Bob Hendershot, 57, a manufacturer's representative for a wholesale custom computer hardware dealer, took time away from his job to spend Trevor's early years working with his son's speech, visual recognition and motor skills.
"It was important to stimulate him early and teach him how to walk correctly rather than let him wrestle with incorrect steps," the father said. "He really has grown up well."
Bob and Melissa Hendershot have two other children, Taylor, 19, and Tanner, 18. They traveled everywhere as a family, going to the beach, the movies, Angels games and Bible study.
That's where the Hendershots met Les and Beverly Barkley, whose son, Matt, is the same age as Trevor. The two infants used to share a play pen during the study.
Matt Barkley went on to become the USC quarterback, and Trevor found himself on the gridiron as quarterback of Pop Warner's Challenger division Saddleback Valley Wolverines.
Growing up, Trevor played sports in leagues with other children who had physical and mental challenges. In camaraderie, rather than scores, statistics or records, came the sweetest victories.
He swung a bat and threw a baseball in T-ball. His father coached his VIP/Challenger division AYSO team in soccer.
He wore No. 75 for his Special Olympics basketball team. He pulled on No. 88 as quarterback for the flag-football Wolverines, helping score three touchdowns for one memorable come-from-behind victory.
"Big guys sometimes fall on you," said Trevor Hendershot, who made his league's All-Star team and played in a bowl game this past season. "It's not supposed to be tackle!"
School, particularly math, was tough to tackle since he has been mainstreamed, attending classes with students who didn't have his learning disabilities.
But at Northwood High in Irvine, Hendershot made so many friends with students and teachers he was voted Homecoming King in 2010.
Hendershot has learned to read well and write. He worked with Project Independence Orange County to get unpaid job experience in stocking and organizing store shelves at Trader Joe's and a Jo-Ann Fabrics and Crafts store.
He has grown so comfortable with computers that he spends hours surfing the Internet to learn the lyrics of his favorite Beach Boys songs and download bagpipe music.
"I don't know where he got that taste," his father said laughing. "It's strange."
Trevor searches the Web, finds and memorizes the capitals of all 50 states and the nicknames of hundreds of colleges big and small.
"Test him!" his father said.
Quickly and without fail, Trevor answered "Bruins" for UCLA, "Bulls" for the University of South Florida, "Tigers" for Princeton and, slapping his long arms together, "Gators" for the University of Florida.

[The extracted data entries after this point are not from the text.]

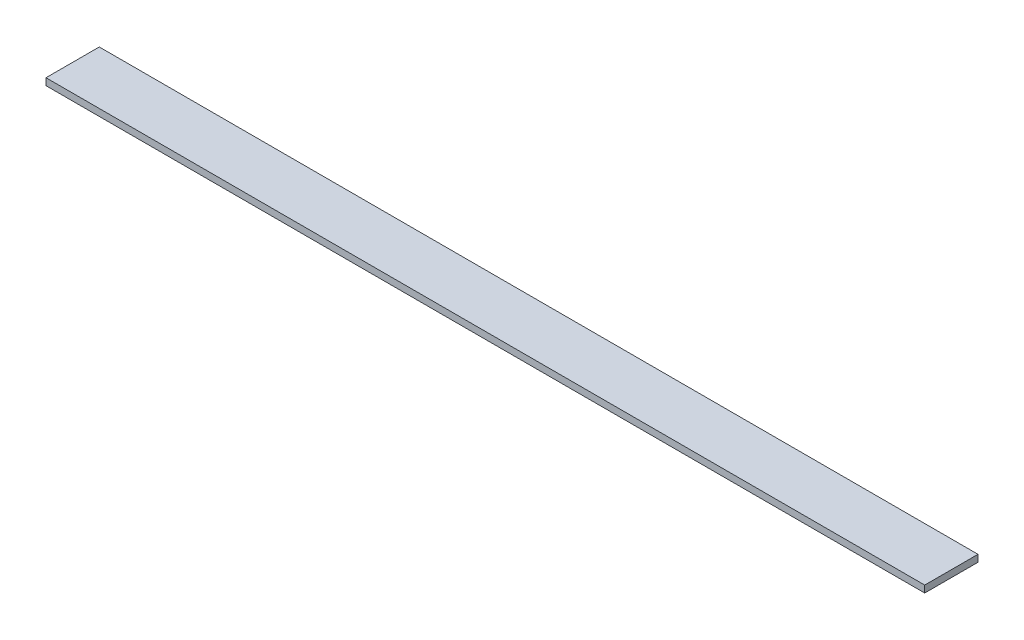
SolidWorks part; units mm, degrees
material "Plywood"
ref_plane "Front Plane" through (0, 0, 0) normal (0, 0, 1) x (1, 0, 0)
ref_plane "Top Plane" through (0, 0, 0) normal (0, 1, 0) x (1, 0, 0)
ref_plane "Right Plane" through (0, 0, 0) normal (1, 0, 0) x (0, 0, -1)
sketch "Sketch1" plane through (0, 0, 0) normal (1, 0, 0) x (0, 0, -1)
  line L0 (0, 0) -> (19.558, 0)
  line L1 (0, 0) -> (0, 2.54)
  line L2 (19.558, 0) -> (19.558, 2.54)
  line L3 (0, 2.54) -> (19.558, 2.54)
  dimension "D1" = 19.558
  dimension "D2" = 2.54
extrude "Boss-Extrude1" add sketch "Sketch1" along normal blind 322.58

"If they ever have Down syndrome week on 'Jeopardy' and the category is 'College Nicknames,' we're set," his father joked.
"Yes, we're going to win," Trevor gushed. "Like the Angels. They're going to win the World Series again."
Getting the Team Store job brings him closer to the Angels he has followed since he was 7 years old. He pays attention to whether they win or lose, gets sad but remains hopeful when they struggle and mourned when promising young pitcher Nick Adenhart died in a 2009 car accident.
"He's gone," he said. "It's very sad."
Among Angels fans, Hendershot belongs. He sailed through the interview for his new job because talking about the Angels comes so naturally to him.
But he got scared when asked to do a drug test because he thought he had to drink his sample, shaking his head, "No!" Then he wanted to high-five the clinician when he was finished.
"Trevor's still learning the ropes of getting a job," said his father, taking a teasing slug in his shoulder from his son. "Every day is a new step."
Trevor Hendershot, the newest greeter at the Angels Team Store, has landed a dream job in Angels' heaven.